Can you freeze or store different types of mushrooms for a later date? 

I have some puff balls but don't want to try to eat them all at once.


----------



## Mushroom Jack (May 28, 2009)

Don't see why not. I freeze Grifolas all the time, and Hygrophorus russulas. If I were you, I'd freeze the slices seperately though. Maybe freeze them on a cookie sheet and then wrap them seperately. That way you can take out however many you want to cook.


----------



## wildsideoutdoors (Aug 27, 2011)

What about hen of the woods or chick of the woods? Do you have to blanch them first? Just a freezer zip lock or should you use a vaccuum sealer?


----------



## Nealbopper (May 28, 2008)

Hens freez fine for 3 to 6 months. Just freez them in portion sizes as they will freez together like Mushroom Jack mentioned. I cooked some hens up yesterday - man were they awesome. I love mushrooms.


----------



## Woodbutcher-1 (Nov 21, 2004)

Many types of mushrooms freeze very well. Some are best frozen after sauteing them first in butter/evo,s&p garlic,onions etc. cool and freeze. Some are best suited for the Dehydrator.
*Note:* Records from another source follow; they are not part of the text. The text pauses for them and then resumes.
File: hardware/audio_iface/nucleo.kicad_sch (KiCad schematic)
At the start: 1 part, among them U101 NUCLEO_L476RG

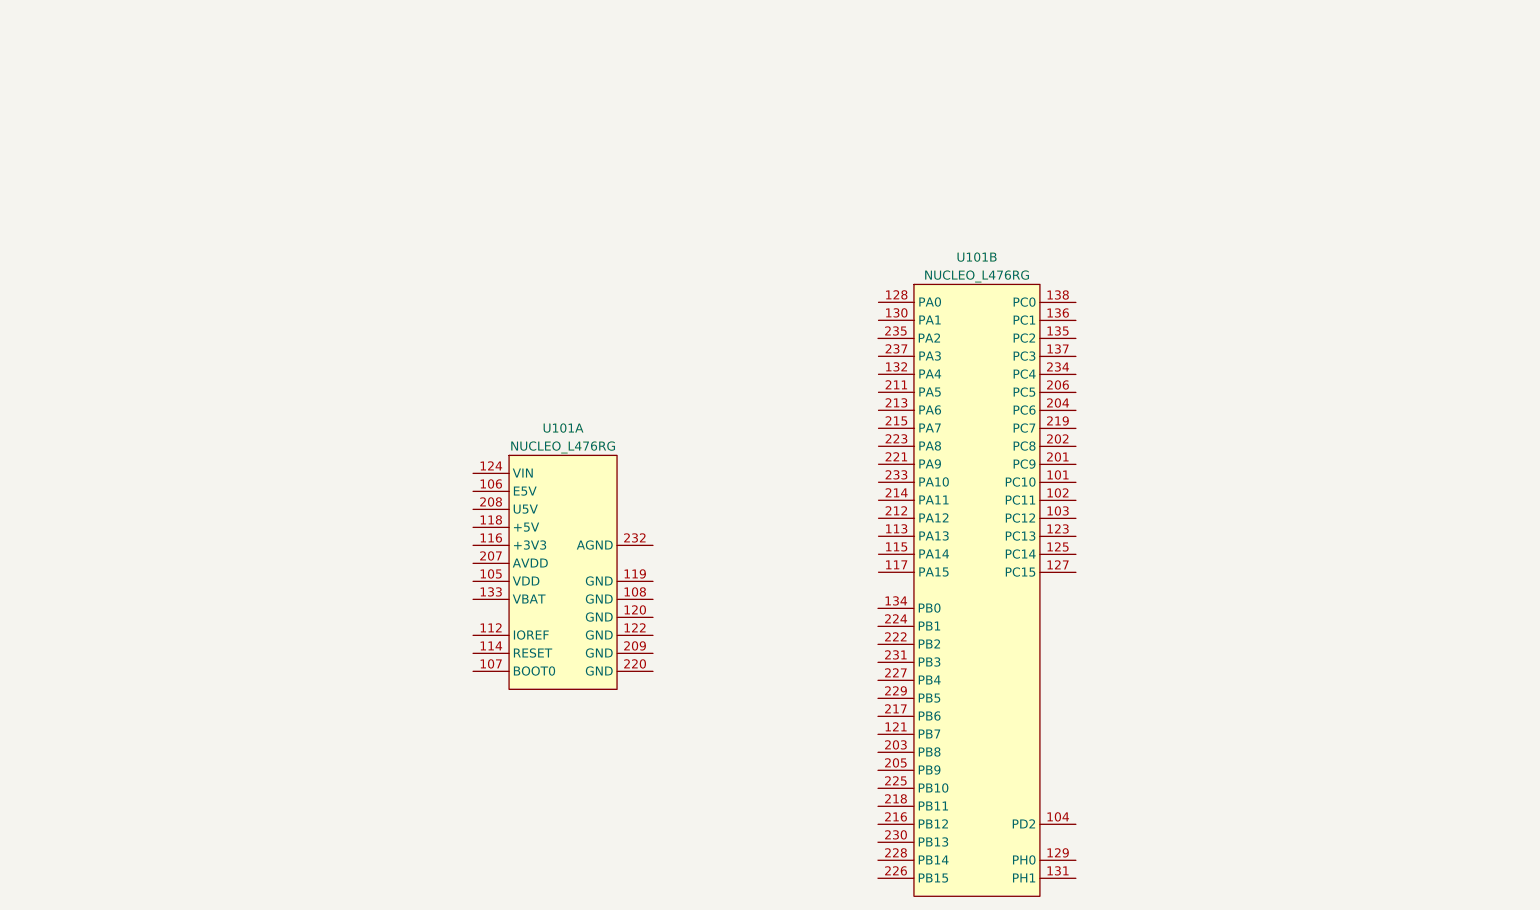
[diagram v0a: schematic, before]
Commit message: added some connections
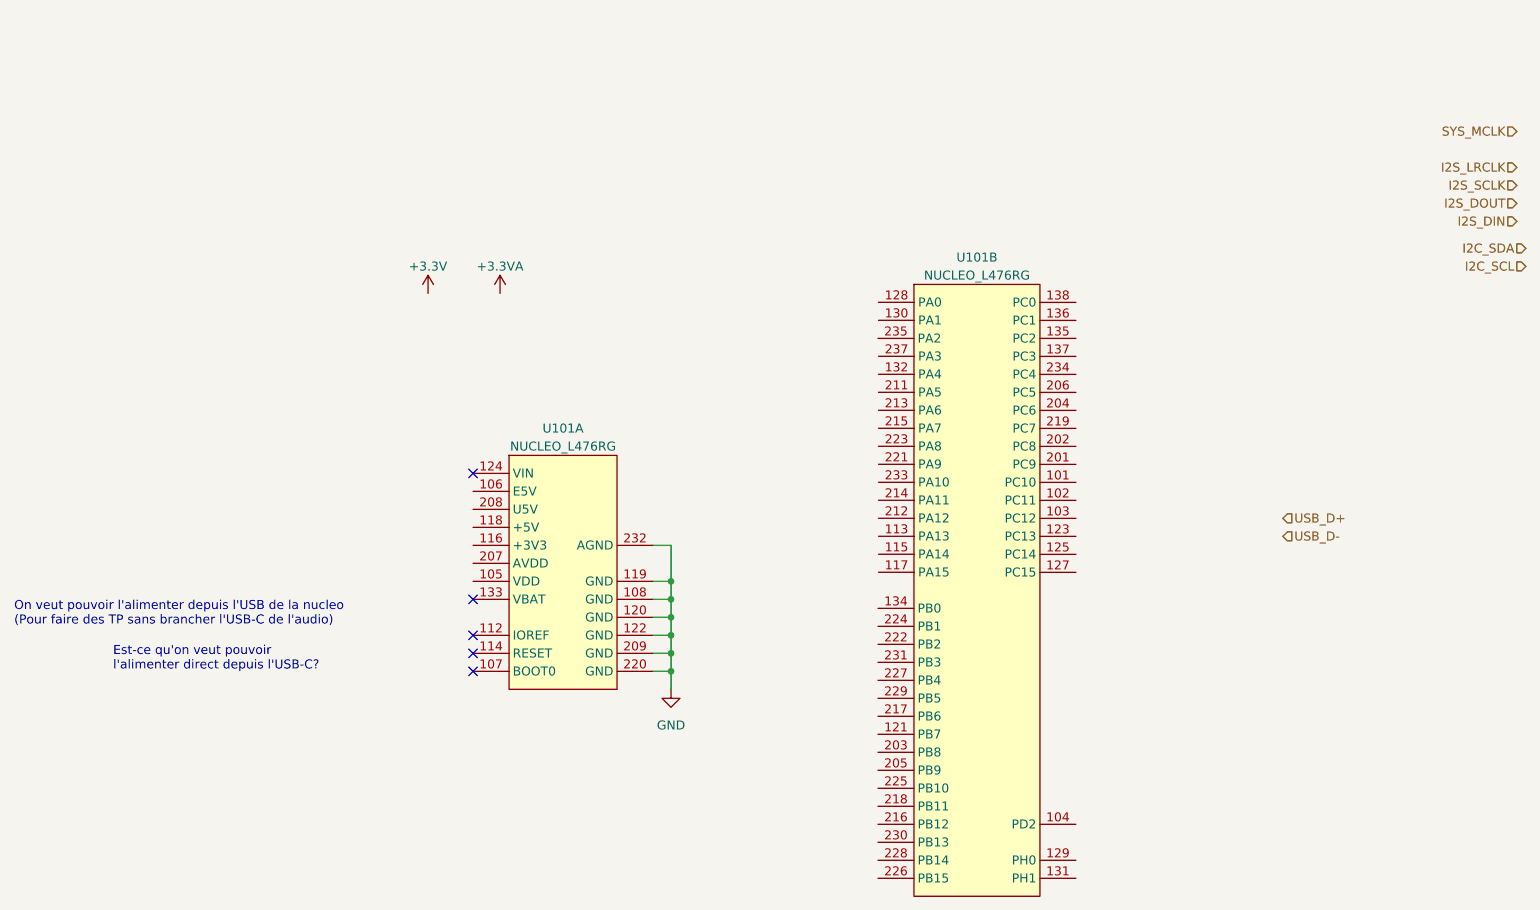
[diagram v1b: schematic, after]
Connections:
- net GND: now reaches U101.108 (GND)
- net GND: now also U101.119 (GND), U101.120 (GND), U101.122 (GND), U101.209 (GND), U101.220 (GND), U101.232 (AGND)
- no-connect marks 0 -> 5
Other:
- note added: "Est-ce qu'on veut pouvoir l'alimenter direct depuis l'USB-C?"
- note added: "On veut pouvoir l'alimenter depuis l'USB de la nucleo (Pour faire des TP sans brancher l'USB-C de l'audio)"
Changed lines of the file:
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@@
 (kicad_sch (version 20230121) (generator eeschema)
   (paper "A4")
+  (junction (at 120.65 111.76) (diameter 0) (color 0 0 0 0)
+  )
+  (junction (at 120.65 106.68) (diameter 0) (color 0 0 0 0)
+  )
+  (junction (at 120.65 116.84) (diameter 0) (color 0 0 0 0)
+  )
+  (junction (at 120.65 119.38) (diameter 0) (color 0 0 0 0)
+  )
+  (junction (at 120.65 109.22) (diameter 0) (color 0 0 0 0)
+  )
+  (junction (at 120.65 114.3) (diameter 0) (color 0 0 0 0)
+  )
+  (no_connect (at 92.71 114.3))
+  (no_connect (at 92.71 119.38))
+  (no_connect (at 92.71 91.44))
+  (no_connect (at 92.71 109.22))
+  (no_connect (at 92.71 116.84))
+  (wire (pts (xy 118.11 106.68) (xy 120.65 106.68))
+    (stroke (width 0) (type default))
+  )
+  (wire (pts (xy 120.65 111.76) (xy 120.65 109.22))
+    (stroke (width 0) (type default))
+  )
+  (wire (pts (xy 118.11 109.22) (xy 120.65 109.22))
+    (stroke (width 0) (type default))
+  )
+  (wire (pts (xy 118.11 114.3) (xy 120.65 114.3))
+    (stroke (width 0) (type default))
+  )
+  (wire (pts (xy 118.11 111.76) (xy 120.65 111.76))
+    (stroke (width 0) (type default))
+  )
+  (wire (pts (xy 120.65 114.3) (xy 120.65 111.76))
+    (stroke (width 0) (type default))
+  )
+  (wire (pts (xy 120.65 116.84) (xy 120.65 114.3))
+    (stroke (width 0) (type default))
+  )
+  (wire (pts (xy 120.65 101.6) (xy 118.11 101.6))
+    (stroke (width 0) (type default))
+  )
+  (wire (pts (xy 120.65 109.22) (xy 120.65 106.68))
+    (stroke (width 0) (type default))
+  )
+  (wire (pts (xy 118.11 119.38) (xy 120.65 119.38))
+    (stroke (width 0) (type default))
+  )
+  (wire (pts (xy 120.65 119.38) (xy 120.65 116.84))
+    (stroke (width 0) (type default))
+  )
+  (wire (pts (xy 120.65 121.92) (xy 120.65 119.38))
+    (stroke (width 0) (type default))
+  )
+  (wire (pts (xy 120.65 106.68) (xy 120.65 101.6))
+    (stroke (width 0) (type default))
+  )
+  (wire (pts (xy 118.11 116.84) (xy 120.65 116.84))
+    (stroke (width 0) (type default))
+  )
+  (text "On veut pouvoir l'alimenter depuis l'USB de la nucleo\n(Pour faire des TP sans brancher l'USB-C de l'audio)"
+    (at 27.94 113.03 0)
+    (effects (font (size 1.27 1.27)) (justify left bottom))
+  )
+  (text "Est-ce qu'on veut pouvoir \nl'alimenter direct depuis l'USB-C?"
+    (at 41.91 119.38 0)
+    (effects (font (size 1.27 1.27)) (justify left bottom))
+  )
+  (hierarchical_label "I2S_SCLK" (shape input) (at 240.03 50.8 180) (fields_autoplaced)
+    (effects (font (size 1.27 1.27)) (justify right))
+  )
+  (hierarchical_label "I2S_DIN" (shape input) (at 240.03 55.88 180) (fields_autoplaced)
+    (effects (font (size 1.27 1.27)) (justify right))
+  )
+  (hierarchical_label "I2S_DOUT" (shape input) (at 240.03 53.34 180) (fields_autoplaced)
+    (effects (font (size 1.27 1.27)) (justify right))
+  )
+  (hierarchical_label "I2C_SCL" (shape input) (at 241.3 62.23 180) (fields_autoplaced)
+    (effects (font (size 1.27 1.27)) (justify right))
+  )
+  (hierarchical_label "I2C_SDA" (shape input) (at 241.3 59.69 180) (fields_autoplaced)
+    (effects (font (size 1.27 1.27)) (justify right))
+  )
+  (hierarchical_label "USB_D-" (shape input) (at 207.01 100.33 0) (fields_autoplaced)
+    (effects (font (size 1.27 1.27)) (justify left))
+  )
+  (hierarchical_label "SYS_MCLK" (shape input) (at 240.03 43.18 180) (fields_autoplaced)
+    (effects (font (size 1.27 1.27)) (justify right))
+  )
+  (hierarchical_label "USB_D+" (shape input) (at 207.01 97.79 0) (fields_autoplaced)
+    (effects (font (size 1.27 1.27)) (justify left))
+  )
+  (hierarchical_label "I2S_LRCLK" (shape input) (at 240.03 48.26 180) (fields_autoplaced)
+    (effects (font (size 1.27 1.27)) (justify right))
+  )
+  (symbol (lib_id "power:+3.3VA") (at 96.52 66.04 0) (unit 1)
+    (in_bom yes) (on_board yes) (dnp no) (fields_autoplaced)
+    (property "Reference" "#PWR0203" (at 96.52 69.85 0)
+      (effects (font (size 1.27 1.27)) hide)
+    )
+    (property "Value" "+3.3VA" (at 96.52 62.23 0)
+      (effects (font (size 1.27 1.27)))
+    )
+    (property "Footprint" "" (at 96.52 66.04 0)
+      (effects (font (size 1.27 1.27)) hide)
+    )
+    (property "Datasheet" "" (at 96.52 66.04 0)
+      (effects (font (size 1.27 1.27)) hide)
+    )
+    (pin "1")
+    (instances
+      (project "audio_iface"
+        (path "/84adbf2e-65c7-4710-86f9-725cae0256c9/cdd727d1-dc6e-479c-822a-c88c05fafe87"
+          (reference "#PWR0203") (unit 1)
+        )
+      )
+    )
+  )
   (symbol (lib_id "WITNS_ST:NUCLEO_L476RG") (at 163.83 107.95 0) (unit 2)
     (in_bom yes) (on_board yes) (dnp no) (fields_autoplaced)
@@
     )
   )
+  (symbol (lib_id "power:GND") (at 120.65 121.92 0) (unit 1)
+    (in_bom yes) (on_board yes) (dnp no) (fields_autoplaced)
+    (property "Reference" "#PWR0201" (at 120.65 128.27 0)
+      (effects (font (size 1.27 1.27)) hide)
+    )
+    (property "Value" "GND" (at 120.65 127 0)
+      (effects (font (size 1.27 1.27)))
+    )
+    (property "Footprint" "" (at 120.65 121.92 0)
+      (effects (font (size 1.27 1.27)) hide)
+    )
+    (property "Datasheet" "" (at 120.65 121.92 0)
+      (effects (font (size 1.27 1.27)) hide)
+    )
+    (pin "1")
+    (instances
+      (project "audio_iface"
+        (path "/84adbf2e-65c7-4710-86f9-725cae0256c9/cdd727d1-dc6e-479c-822a-c88c05fafe87"
+          (reference "#PWR0201") (unit 1)
+        )
+      )
+    )
+  )
   (symbol (lib_id "WITNS_ST:NUCLEO_L476RG") (at 105.41 105.41 0) (unit 1)
     (in_bom yes) (on_board yes) (dnp no) (fields_autoplaced)
@@
         )
       )
+    )
+  )
+  (symbol (lib_id "power:+3.3V") (at 86.36 66.04 0) (unit 1)
+    (in_bom yes) (on_board yes) (dnp no) (fields_autoplaced)
+    (property "Reference" "#PWR0202" (at 86.36 69.85 0)
+      (effects (font (size 1.27 1.27)) hide)
+    )
+    (property "Value" "+3.3V" (at 86.36 62.23 0)
+      (effects (font (size 1.27 1.27)))
+    )
+    (property "Footprint" "" (at 86.36 66.04 0)
+      (effects (font (size 1.27 1.27)) hide)
+    )
+    (property "Datasheet" "" (at 86.36 66.04 0)
+      (effects (font (size 1.27 1.27)) hide)
+    )
+    (pin "1")
+    (instances
+      (project "audio_iface"
+        (path "/84adbf2e-65c7-4710-86f9-725cae0256c9/cdd727d1-dc6e-479c-822a-c88c05fafe87"
+          (reference "#PWR0202") (unit 1)
+        )
+      )

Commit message: Added LEDs
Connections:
- net +3.3V: now also U101.105 (VDD)
- net +3.3VA: now also U101.207 (AVDD)
- net USB_D+: now also U101.212 (PA12)
- net USB_D-: now also U101.214 (PA11)
- no-connect marks 5 -> 9
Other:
- note added: "VDD is after the IDD jumper; +3V3 is just before"
- moved on the sheet: U101B
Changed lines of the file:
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@@
   (junction (at 120.65 114.3) (diameter 0) (color 0 0 0 0)
   )
+  (no_connect (at 92.71 93.98))
+  (no_connect (at 92.71 101.6))
   (no_connect (at 92.71 114.3))
   (no_connect (at 92.71 119.38))
+  (no_connect (at 92.71 99.06))
   (no_connect (at 92.71 91.44))
   (no_connect (at 92.71 109.22))
+  (no_connect (at 92.71 96.52))
   (no_connect (at 92.71 116.84))
+  (wire (pts (xy 92.71 106.68) (xy 77.47 106.68))
+    (stroke (width 0) (type default))
+  )
   (wire (pts (xy 118.11 106.68) (xy 120.65 106.68))
     (stroke (width 0) (type default))
@@
     (stroke (width 0) (type default))
   )
+  (wire (pts (xy 85.09 104.14) (xy 85.09 102.87))
+    (stroke (width 0) (type default))
+  )
   (wire (pts (xy 118.11 114.3) (xy 120.65 114.3))
     (stroke (width 0) (type default))
@@
     (stroke (width 0) (type default))
   )
+  (wire (pts (xy 85.09 104.14) (xy 92.71 104.14))
+    (stroke (width 0) (type default))
+  )
   (wire (pts (xy 120.65 109.22) (xy 120.65 106.68))
     (stroke (width 0) (type default))
   )
   (wire (pts (xy 118.11 119.38) (xy 120.65 119.38))
+    (stroke (width 0) (type default))
+  )
+  (wire (pts (xy 77.47 106.68) (xy 77.47 102.87))
     (stroke (width 0) (type default))
   )
@@
     (effects (font (size 1.27 1.27)) (justify left bottom))
   )
+  (text "VDD is after the IDD jumper;\n+3V3 is just before" (at 50.8 93.98 0)
+    (effects (font (size 1.27 1.27)) (justify left bottom))
+  )
   (text "Est-ce qu'on veut pouvoir \nl'alimenter direct depuis l'USB-C?"
     (at 41.91 119.38 0)
@@
     (effects (font (size 1.27 1.27)) (justify right))
   )
+  (hierarchical_label "VU_MOSI" (shape input) (at 232.41 121.92 180) (fields_autoplaced)
+    (effects (font (size 1.27 1.27)) (justify right))
+  )
   (hierarchical_label "I2S_DIN" (shape input) (at 240.03 55.88 180) (fields_autoplaced)
     (effects (font (size 1.27 1.27)) (justify right))
@@
     (effects (font (size 1.27 1.27)) (justify right))
   )
+  (hierarchical_label "VU_nCS" (shape input) (at 232.41 116.84 180) (fields_autoplaced)
+    (effects (font (size 1.27 1.27)) (justify right))
+  )
   (hierarchical_label "I2C_SCL" (shape input) (at 241.3 62.23 180) (fields_autoplaced)
     (effects (font (size 1.27 1.27)) (justify right))
@@
     (effects (font (size 1.27 1.27)) (justify right))
   )
-  (hierarchical_label "USB_D-" (shape input) (at 207.01 100.33 0) (fields_autoplaced)
-    (effects (font (size 1.27 1.27)) (justify left))
+  (hierarchical_label "VU_MISO" (shape input) (at 232.41 124.46 180) (fields_autoplaced)
+    (effects (font (size 1.27 1.27)) (justify right))
+  )
+  (hierarchical_label "VU_nRESET" (shape input) (at 232.41 139.7 180) (fields_autoplaced)
+    (effects (font (size 1.27 1.27)) (justify right))
+  )
+  (hierarchical_label "USB_D-" (shape input) (at 152.4 95.25 180) (fields_autoplaced)
+    (effects (font (size 1.27 1.27)) (justify right))
   )
   (hierarchical_label "SYS_MCLK" (shape input) (at 240.03 43.18 180) (fields_autoplaced)
     (effects (font (size 1.27 1.27)) (justify right))
   )
-  (hierarchical_label "USB_D+" (shape input) (at 207.01 97.79 0) (fields_autoplaced)
-    (effects (font (size 1.27 1.27)) (justify left))
+  (hierarchical_label "USB_D+" (shape input) (at 152.4 97.79 180) (fields_autoplaced)
+    (effects (font (size 1.27 1.27)) (justify right))
+  )
+  (hierarchical_label "VU_SCK" (shape input) (at 232.41 119.38 180) (fields_autoplaced)
+    (effects (font (size 1.27 1.27)) (justify right))
   )
   (hierarchical_label "I2S_LRCLK" (shape input) (at 240.03 48.26 180) (fields_autoplaced)
     (effects (font (size 1.27 1.27)) (justify right))
   )
-  (symbol (lib_id "power:+3.3VA") (at 96.52 66.04 0) (unit 1)
-    (in_bom yes) (on_board yes) (dnp no) (fields_autoplaced)
-    (property "Reference" "#PWR0203" (at 96.52 69.85 0)
-      (effects (font (size 1.27 1.27)) hide)
-    )
-    (property "Value" "+3.3VA" (at 96.52 62.23 0)
-      (effects (font (size 1.27 1.27)))
-    )
-    (property "Footprint" "" (at 96.52 66.04 0)
-      (effects (font (size 1.27 1.27)) hide)
-    )
-    (property "Datasheet" "" (at 96.52 66.04 0)
+  (symbol (lib_id "power:+3.3VA") (at 85.09 102.87 0) (unit 1)
+    (in_bom yes) (on_board yes) (dnp no) (fields_autoplaced)
+    (property "Reference" "#PWR0202" (at 85.09 106.68 0)
+      (effects (font (size 1.27 1.27)) hide)
+    )
+    (property "Value" "+3.3VA" (at 85.09 99.06 0)
+      (effects (font (size 1.27 1.27)))
+    )
+    (property "Footprint" "" (at 85.09 102.87 0)
+      (effects (font (size 1.27 1.27)) hide)
+    )
+    (property "Datasheet" "" (at 85.09 102.87 0)
       (effects (font (size 1.27 1.27)) hide)
     )
@@
       (project "audio_iface"
         (path "/84adbf2e-65c7-4710-86f9-725cae0256c9/cdd727d1-dc6e-479c-822a-c88c05fafe87"
-          (reference "#PWR0203") (unit 1)
-        )
-      )
-    )
-  )
-  (symbol (lib_id "WITNS_ST:NUCLEO_L476RG") (at 163.83 107.95 0) (unit 2)
-    (in_bom yes) (on_board yes) (dnp no) (fields_autoplaced)
-    (property "Reference" "U101" (at 163.83 60.96 0)
-      (effects (font (size 1.27 1.27)))
-    )
-    (property "Value" "NUCLEO_L476RG" (at 163.83 63.5 0)
-      (effects (font (size 1.27 1.27)))
-    )
-    (property "Footprint" "WITNS:ST_NUCLEO_64" (at 163.83 85.09 0)
-      (effects (font (size 1.27 1.27)) hide)
-    )
-    (property "Datasheet" "" (at 163.83 85.09 0)
+          (reference "#PWR0202") (unit 1)
+        )
+      )
+    )
+  )
+  (symbol (lib_name "NUCLEO_L476RG_1") (lib_id "WITNS_ST:NUCLEO_L476RG") (at 166.37 107.95 0) (unit 2)
+    (in_bom yes) (on_board yes) (dnp no) (fields_autoplaced)
+    (property "Reference" "U101" (at 166.37 60.96 0)
+      (effects (font (size 1.27 1.27)))
+    )
+    (property "Value" "NUCLEO_L476RG" (at 166.37 63.5 0)
+      (effects (font (size 1.27 1.27)))
+    )
+    (property "Footprint" "WITNS:ST_NUCLEO_64" (at 166.37 85.09 0)
+      (effects (font (size 1.27 1.27)) hide)
+    )
+    (property "Datasheet" "" (at 166.37 85.09 0)
       (effects (font (size 1.27 1.27)) hide)
     )
@@
   (symbol (lib_id "power:GND") (at 120.65 121.92 0) (unit 1)
     (in_bom yes) (on_board yes) (dnp no) (fields_autoplaced)
-    (property "Reference" "#PWR0201" (at 120.65 128.27 0)
+    (property "Reference" "#PWR0203" (at 120.65 128.27 0)
       (effects (font (size 1.27 1.27)) hide)
     )
@@
       (project "audio_iface"
         (path "/84adbf2e-65c7-4710-86f9-725cae0256c9/cdd727d1-dc6e-479c-822a-c88c05fafe87"
-          (reference "#PWR0201") (unit 1)
+          (reference "#PWR0203") (unit 1)
         )
       )
@@
     )
   )
-  (symbol (lib_id "power:+3.3V") (at 86.36 66.04 0) (unit 1)
-    (in_bom yes) (on_board yes) (dnp no) (fields_autoplaced)
-    (property "Reference" "#PWR0202" (at 86.36 69.85 0)
-      (effects (font (size 1.27 1.27)) hide)
-    )
-    (property "Value" "+3.3V" (at 86.36 62.23 0)
-      (effects (font (size 1.27 1.27)))
-    )
-    (property "Footprint" "" (at 86.36 66.04 0)
-      (effects (font (size 1.27 1.27)) hide)
-    )
-    (property "Datasheet" "" (at 86.36 66.04 0)
+  (symbol (lib_id "power:+3.3V") (at 77.47 102.87 0) (unit 1)
+    (in_bom yes) (on_board yes) (dnp no) (fields_autoplaced)
+    (property "Reference" "#PWR0201" (at 77.47 106.68 0)
+      (effects (font (size 1.27 1.27)) hide)
+    )
+    (property "Value" "+3.3V" (at 77.47 99.06 0)
+      (effects (font (size 1.27 1.27)))
+    )
+    (property "Footprint" "" (at 77.47 102.87 0)
+      (effects (font (size 1.27 1.27)) hide)
+    )
+    (property "Datasheet" "" (at 77.47 102.87 0)
       (effects (font (size 1.27 1.27)) hide)
     )
@@
       (project "audio_iface"
         (path "/84adbf2e-65c7-4710-86f9-725cae0256c9/cdd727d1-dc6e-479c-822a-c88c05fafe87"
-          (reference "#PWR0202") (unit 1)
-        )
-      )
+          (reference "#PWR0201") (unit 1)
+        )
+      )

You need to some research for the particular specie of fungi. Some are even better caned.


----------



## wildsideoutdoors (Aug 27, 2011)

I've only had experience with Morels and puff balls until now. Found a pile of Hens and I am fired up. I missed out on a bunch of shaggy manes. Now that I've identified them, there no longer any good.


----------